Ok this is interesting. On my machine the fasthttp was over 5x faster than go's own http library. The japronto was 1.17x faster than the fasthttp but I'm not sure if the python setup was correct so I would like you to confirm that test. =)

heppu commented 7 years ago

If I don't limit GOMAXPROCS like no one in real life use case would the fasthttp version is actually little faster than the japronto on my laptop.

frnkvieira commented 7 years ago

@heppu are you using multiple workers with japronto also ? I would like too see a "real" world battle with unlimited cores on GO and Japronto...

heppu commented 7 years ago

@jeanfrancisroy I'm not that familiar with python that I would now best way to setup multiple workers with japronto. I come from go world so we get the full power by default :wink: If you can tell me how to do that I can test it.

heppu commented 7 years ago

I would also like mention that Transfer/sec rate was 2x greater with fasthttp than with japronto.

frnkvieira commented 7 years ago

@heppu Not sure if this is indeed the best way but it gets a lot faster on my machine. (Full CPU cores usage)

import multiprocessing
import japronto
import ujson

def home(request):
    return request.Response(ujson.dumps({'Hello': 1}))

if __name__ == '__main__':
    app = japronto.Application()
    app.router.add_route('/', home)
    app.run(worker_num=multiprocessing.cpu_count())
heppu commented 7 years ago

There seeems to be quite lot variance in the results so these are the median records out of ten runs:

Japronto 1 worker Requests/sec: 536297.90 Transfer/sec: 47.05MB

Japronto 4 workers Requests/sec: 614251.03 Transfer/sec: 53.89MB

fasthttp GOMAXPROCS=1 Requests/sec: 444446.32 Transfer/sec: 62.31MB

fasthttp GOMAXPROCS=4 Requests/sec: 522654.64 Transfer/sec: 73.27MB

squeaky-pl commented 7 years ago

@heppu you can have some luck with minimizing variance by switching your CPU governor to fixed frequency and sending SIGSTOP to all the noisy processes (usually browsers, spotify etc).You can also completely isolate CPUs by tweaking your kernel boot parameters so the OS doesnt use them and manually placing workers on those CPUs. You might also want to disable Intel Turbo Boost - there is a bug in the kernel that makes it jitter CPUs in a weird way

heppu commented 7 years ago

@squeaky-pl I think I leave that for the next person, just wanted to see how these compare roughly and looks like fasthttp comes pretty close to japronto but still not quite there =) Great work!

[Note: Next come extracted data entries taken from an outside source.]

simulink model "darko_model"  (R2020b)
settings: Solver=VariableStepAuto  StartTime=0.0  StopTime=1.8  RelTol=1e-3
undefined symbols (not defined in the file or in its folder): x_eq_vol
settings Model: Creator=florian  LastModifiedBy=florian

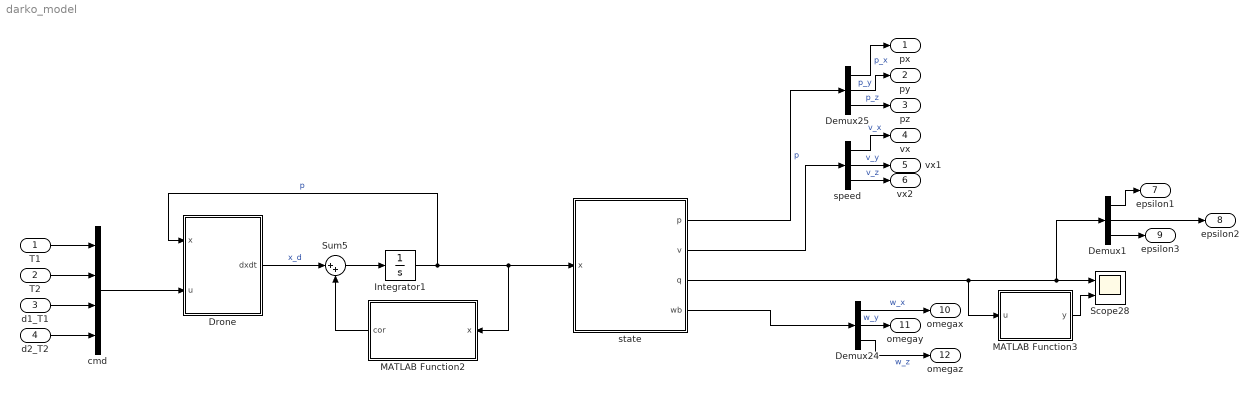
== system darko_model ==
  T1 : Inport
  T2 : Inport  Port=2
  d1_T1 : Inport  Port=3
  d2_T2 : Inport  Port=4
  Demux1 : Demux  Outputs=3
  Demux24 : Demux  Outputs=3
  Demux25 : Demux  Outputs=3
  Drone : MATLAB Function  TreatAsAtomicUnit=on
  Integrator1 : Integrator  InitialCondition=x_eq_vol
  MATLAB Function2 : MATLAB Function  TreatAsAtomicUnit=on
  MATLAB Function3 : MATLAB Function  TreatAsAtomicUnit=on
  Scope28 : Scope  NumInputPorts=2
  Sum5 : Sum  Inputs=|++
  cmd : Mux
  speed : Demux  Outputs=3
  state : MATLAB Function  TreatAsAtomicUnit=on
  px : Outport  VectorParamsAs1DForOutWhenUnconnected=off
  py : Outport  Port=2  VectorParamsAs1DForOutWhenUnconnected=off
  pz : Outport  Port=3  VectorParamsAs1DForOutWhenUnconnected=off
  vx : Outport  Port=4  VectorParamsAs1DForOutWhenUnconnected=off
  vx1 : Outport  Port=5  VectorParamsAs1DForOutWhenUnconnected=off
  vx2 : Outport  Port=6  VectorParamsAs1DForOutWhenUnconnected=off
  epsilon1 : Outport  Port=7  VectorParamsAs1DForOutWhenUnconnected=off
  epsilon2 : Outport  Port=8  VectorParamsAs1DForOutWhenUnconnected=off
  epsilon3 : Outport  Port=9  VectorParamsAs1DForOutWhenUnconnected=off
  omegax : Outport  Port=10  VectorParamsAs1DForOutWhenUnconnected=off
  omegay : Outport  Port=11  VectorParamsAs1DForOutWhenUnconnected=off
  omegaz : Outport  Port=12  VectorParamsAs1DForOutWhenUnconnected=off
  wires:
  Sum5/1 -> Integrator1/1
  MATLAB Function2/1(cor) -> Sum5/2
  Drone/1(dxdt) -> Sum5/1  "x_d"
  Integrator1/1 -> Drone/1(x), state/1(x), MATLAB Function2/1(x)  "p"
  Demux25/3 -> pz/1  "p_z"
  speed/2 -> vx1/1  "v_y"
  Demux24/1 -> omegax/1  "w_x"
  MATLAB Function3/1(y) -> Scope28/2
  state/3(q) -> MATLAB Function3/1(u), Demux1/1, Scope28/1
  Demux25/1 -> px/1  "p_x"
  state/4(wb) -> Demux24/1
  Demux24/2 -> omegay/1  "w_y"
  state/1(p) -> Demux25/1  "p"
  Demux24/3 -> omegaz/1  "w_z"
  state/2(v) -> speed/1
  Demux25/2 -> py/1  "p_y"
  speed/3 -> vx2/1  "v_z"
  speed/1 -> vx/1  "v_x"
  cmd/1 -> Drone/2(u)
  T2/1 -> cmd/2
  T1/1 -> cmd/1
  d1_T1/1 -> cmd/3
  d2_T2/1 -> cmd/4
  Demux1/1 -> epsilon1/1
  Demux1/2 -> epsilon2/1
  Demux1/3 -> epsilon3/1

== matlab function darko_model/Drone ==
  data: x input; u input; dxdt output; drone parameter
function dxdt  = drone(x, u, drone)

%% physical constants
% gravity
g = drone.G;
% vehicle mass
m = drone.MASS;
% vehicle inertia matrix
J = drone.INERTIA; % [3x3 real symmetric] in body axis

%% state demultiplexing
% p = x(1:3);
v = x(4:6);
q  = x(7:10);
wb = x(11:13);

Rq = q2dcm(q);

[Fp, Mp] = external_force_moment(x, u, 0, drone);

% position
dpdt = v;

% kinematics
dvdt =  -[0;0;g] + (1/m)*Rq*drone.Fb*u + (1/m)*Rq*Fp; 

%% quaternion derivative
eta = q(1);
eps = q(2:4);

dqdt = (1/2)*[-eps'; eta*eye(3) + skew_sym(eps)]*wb;

%% angular velocity derivative
% kinematics
dwdt = -J\cross(wb, J*wb) + J\(drone.Mb*u) + J\Mp;


%% derivative multiplexing
dxdt = [dpdt; dvdt; dqdt; dwdt] ;

== matlab function darko_model/MATLAB Function2 ==
  data: x input; cor output
function cor  = fcn(x)
%#codegen
q  = x(7:10);
n = norm(q);
mismatch = 1-n;
cor = [0;0;0; 0;0;0; mismatch*q; 0;0;0];

== matlab function darko_model/MATLAB Function3 ==
  data: u input; y output
function y = fcn(u)
%#codegen

y = norm(u);

== matlab function darko_model/state ==
  data: x input; p output; v output; q output; wb output
function [p, v, q, wb] = demux(x)
%#codegen

p = x(1:3);
v = x(4:6);
q  = x(8:10);
wb = x(11:13);
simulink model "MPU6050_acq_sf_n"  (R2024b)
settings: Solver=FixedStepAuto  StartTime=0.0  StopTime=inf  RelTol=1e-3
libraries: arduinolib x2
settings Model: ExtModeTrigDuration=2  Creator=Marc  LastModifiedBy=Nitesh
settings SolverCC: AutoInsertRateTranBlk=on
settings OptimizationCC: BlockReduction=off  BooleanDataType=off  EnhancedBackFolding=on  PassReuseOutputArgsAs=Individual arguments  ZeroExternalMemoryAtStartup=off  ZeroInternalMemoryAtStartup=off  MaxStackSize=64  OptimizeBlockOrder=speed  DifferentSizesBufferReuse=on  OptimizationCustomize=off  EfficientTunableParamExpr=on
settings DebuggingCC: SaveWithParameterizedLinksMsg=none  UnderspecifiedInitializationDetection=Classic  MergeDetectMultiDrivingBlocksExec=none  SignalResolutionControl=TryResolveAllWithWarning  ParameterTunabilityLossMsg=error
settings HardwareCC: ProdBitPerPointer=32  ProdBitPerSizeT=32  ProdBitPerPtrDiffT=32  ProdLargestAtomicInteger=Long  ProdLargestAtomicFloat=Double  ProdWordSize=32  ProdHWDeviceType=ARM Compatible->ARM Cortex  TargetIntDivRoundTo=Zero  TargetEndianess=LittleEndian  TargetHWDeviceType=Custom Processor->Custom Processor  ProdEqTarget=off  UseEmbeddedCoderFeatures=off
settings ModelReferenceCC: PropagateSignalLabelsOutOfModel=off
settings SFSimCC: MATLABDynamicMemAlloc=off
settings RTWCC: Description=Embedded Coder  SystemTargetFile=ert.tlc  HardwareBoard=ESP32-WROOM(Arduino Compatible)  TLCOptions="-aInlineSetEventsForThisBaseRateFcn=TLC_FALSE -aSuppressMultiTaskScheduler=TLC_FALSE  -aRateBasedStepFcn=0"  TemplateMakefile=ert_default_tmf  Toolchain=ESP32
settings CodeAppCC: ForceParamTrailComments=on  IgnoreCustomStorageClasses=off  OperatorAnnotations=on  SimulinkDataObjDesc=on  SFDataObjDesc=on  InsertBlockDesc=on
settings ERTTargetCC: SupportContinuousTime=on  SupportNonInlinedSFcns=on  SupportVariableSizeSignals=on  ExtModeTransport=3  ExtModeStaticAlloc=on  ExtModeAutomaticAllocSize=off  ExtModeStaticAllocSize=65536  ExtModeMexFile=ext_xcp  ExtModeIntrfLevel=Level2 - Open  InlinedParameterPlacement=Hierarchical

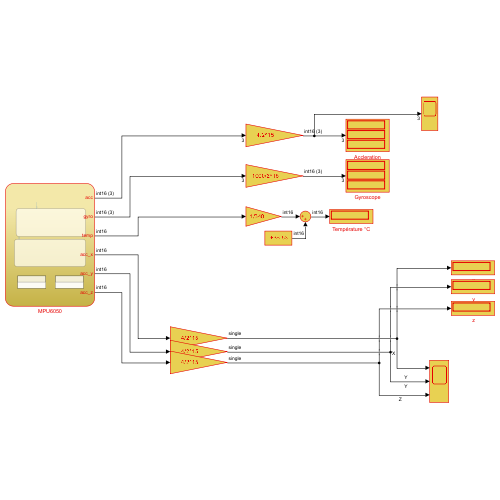
[thumbnail: Simulink's stored preview of the top-level diagram]
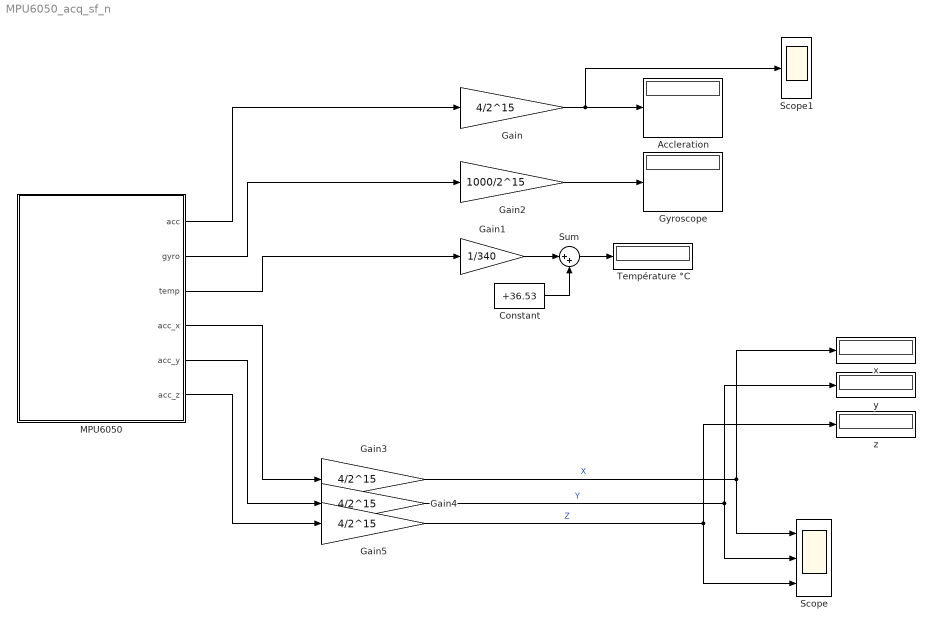
== system MPU6050_acq_sf_n ==
  " x" : Display
  " y" : Display
  " z" : Display
  Accleration : Display
  Constant : Constant  Value=+36.53  OutDataTypeStr=Inherit: Inherit via back propagation
  Gain : Gain  Gain=4/2^15  OutDataTypeStr=Inherit: Inherit via back propagation
  Gain1 : Gain  Gain=1/340  OutDataTypeStr=Inherit: Inherit via back propagation
  Gain2 : Gain  Gain=1000/2^15  OutDataTypeStr=Inherit: Inherit via back propagation
  Gain3 : Gain  Gain=4/2^15  OutDataTypeStr=single
  Gain4 : Gain  Gain=4/2^15  OutDataTypeStr=single
  Gain5 : Gain  Gain=4/2^15  OutDataTypeStr=single
  Gyroscope : Display
  MPU6050 : Stateflow chart  TreatAsAtomicUnit=on
      settings: PortSchema="{\"entries\":[{\"content\":{\"sides\":[{\"content\":{},\"type\":\"ConnectorPlacement.EquallySpacedRectSide\",\"uuid\":\"e0cad0cf-2ed8-4cf7-bff6-6ed2feffa650\"},{\"content\":{\"connectorIds\":[\"Out1\",\"Out2\",\"Out3\",\"Out4\",\"Out6\",\"Out5\"],\"side\":\"RIGHT\"},\"type\":\"ConnectorPlacement.EquallySpacedRectSide\",\"uuid\":\"9c27c799-2435-4d39-8ba1-4c3814f68cde\"},{\"content\":{\"side\":\"TOP\"},\"type\":\"ConnectorPlacement.EquallySpacedRectSide\",\"uuid\":\"52d11aab-2c42-4a19-9ee0-cf61f3e3e234\"}]},\"type\":\"ConnectorPlacement.EquallySpacedConnector\",\"uuid\":\"b37ebc91-bb9d-4b35-9b01-6a26108d89d3\"}],\"packageUris\":[\"http://schema.mathworks.com/mf0/Connector/R2020b\"],\"version\":\"1.0\"}"
  Scope : Scope  NumInputPorts=3
  Scope1 : Scope
  Sum : Sum  Inputs=|++
  Température °C : Display
  wires:
  Sum/1 -> Température °C/1
  Constant/1 -> Sum/2
  Gain1/1 -> Sum/1
  Gain2/1 -> Gyroscope/1
  MPU6050/3(temp) -> Gain1/1
  MPU6050/2(gyro) -> Gain2/1
  Gain/1 -> Scope1/1, Accleration/1
  MPU6050/1(acc) -> Gain/1
  Gain3/1 -> Scope/1, " x"/1  "X"
  Gain4/1 -> Scope/2, " y"/1  "Y"
  Gain5/1 -> " z"/1, Scope/3  "Z"
  MPU6050/4(acc_x) -> Gain3/1
  MPU6050/6(acc_y) -> Gain4/1
  MPU6050/5(acc_z) -> Gain5/1

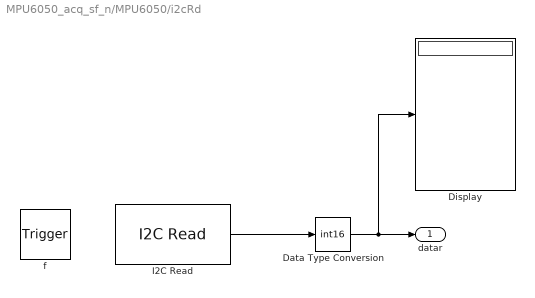
== system MPU6050_acq_sf_n/MPU6050/i2cRd ==
  f : TriggerPort  TriggerType=function-call  VariantControl=Variant  SampleTime=inf
      settings: CopyFcn=Stateflow.SLINSF.SimulinkMan.removeBlockPreDeleteFcn  PreDeleteFcn=Stateflow.SLINSF.SimulinkMan.unsafePredeleteFcn
  Data Type Conversion : DataTypeConversion  OutDataTypeStr=int16  SaturateOnIntegerOverflow=off  RndMeth=Floor
  Display : Display
  I2C Read : arduinolib/I2C Read  I2CModule=0  Mode=Master  SlaveAddress=hex2dec( '68' )  SlaveByteOrder=BigEndian  Direction=Receiver  RegisterAddressMode=on  RegisterAddress=hex2dec( '3b' )  SlaveDataType=uint16  DataLength=7  NoAck=off  RepeatedStart=off  OutputStatus=off  blockPlatform=arduino  SampleTime=-1
      settings: SourceProductName=Common
  datar : Outport  OutDataTypeStr=int16  Unit=1  PortDimensions=7  VectorParamsAs1DForOutWhenUnconnected=off
  wires:
  I2C Read/1 -> Data Type Conversion/1
  Data Type Conversion/1 -> Display/1, datar/1

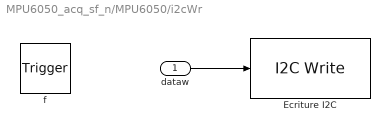
== system MPU6050_acq_sf_n/MPU6050/i2cWr ==
  dataw : Inport  OutDataTypeStr=uint16  Unit=1  PortDimensions=1
  f : TriggerPort  TriggerType=function-call  VariantControl=Variant  SampleTime=-1
      settings: CopyFcn=Stateflow.SLINSF.SimulinkMan.removeBlockPreDeleteFcn  PreDeleteFcn=Stateflow.SLINSF.SimulinkMan.unsafePredeleteFcn
  Ecriture I2C : arduinolib/I2C Write  Priority=1  I2CModule=0  Mode=Master  SlaveAddress=hex2dec( '68' )  SlaveByteOrder=BigEndian  Direction=Transmitter  RegisterAddressMode=off  RegisterAddress=hex2dec( '6B' )  SlaveDataType=uint16  DataLength=1  NoAck=off  RepeatedStart=off  OutputStatus=off  blockPlatform=arduino
      settings: SourceProductName=Common
  wires:
  dataw/1 -> Ecriture I2C/1

== stateflow chart MPU6050_acq_sf_n/MPU6050 ==
  state initialisation
    en:
    i2cWr(uint16(hex2dec( '6B00' )));%Power on
    i2cWr(uint16(hex2dec( '1B10' )));%gyro 0x10=1000°/s
    i2cWr(uint16(hex2dec( '1C08' )));%acce 0x08= 4G
    i2cWr(uint16(hex2dec( '1A06' )));%filtrage+actu 0x06= 19ms
    i2cWr(uint16(hex2dec( '3710' )));%INT_PIN_CFG
    i2cWr(uint16(hex2dec( '3800' )));%Interrupt Enable 0 désactivé
  state Lecture_acceleration3_axes
    during:
    val=i2cRd;
    acc=val(1:3);
    acc_x=val(1:1);
    acc_y=val(2:2);
    acc_z=val(3:3);
    gyro=val(5:7);
    temp=val(4:4);
  state i2cWr(dataw) [function]
  state datar = i2cRd [function]
  (default) -> initialisation
  initialisation -> Lecture_acceleration3_axes
  data: dataw function_input uint16 size=1; datar function_output int16 size=7; acc output int16 size=3; gyro output int16 size=3; val local int16 size=7; temp output int16 size=1; acc_x output; acc_z output; acc_y output

squeaky-pl commented 7 years ago

@heppu thanks for your time as well. I am gonna include fasthttp it in the next benchmarking round. I know many areas in Japronto that could be faster, it's just refactoring C is not fun at all and it's very very fragile. I might actually invetigate rewriting parts of Japronto in Rust.

dom3k commented 7 years ago

It should be noted that the response header golang fasthttp / stdlib is two times higher because it contains the current date. By the way good job :)

rebootcode commented 6 years ago

@squeaky-pl - can you update the benchmark chat on the homepage with fast HTTP benchmark too. It is very misleading at the moment.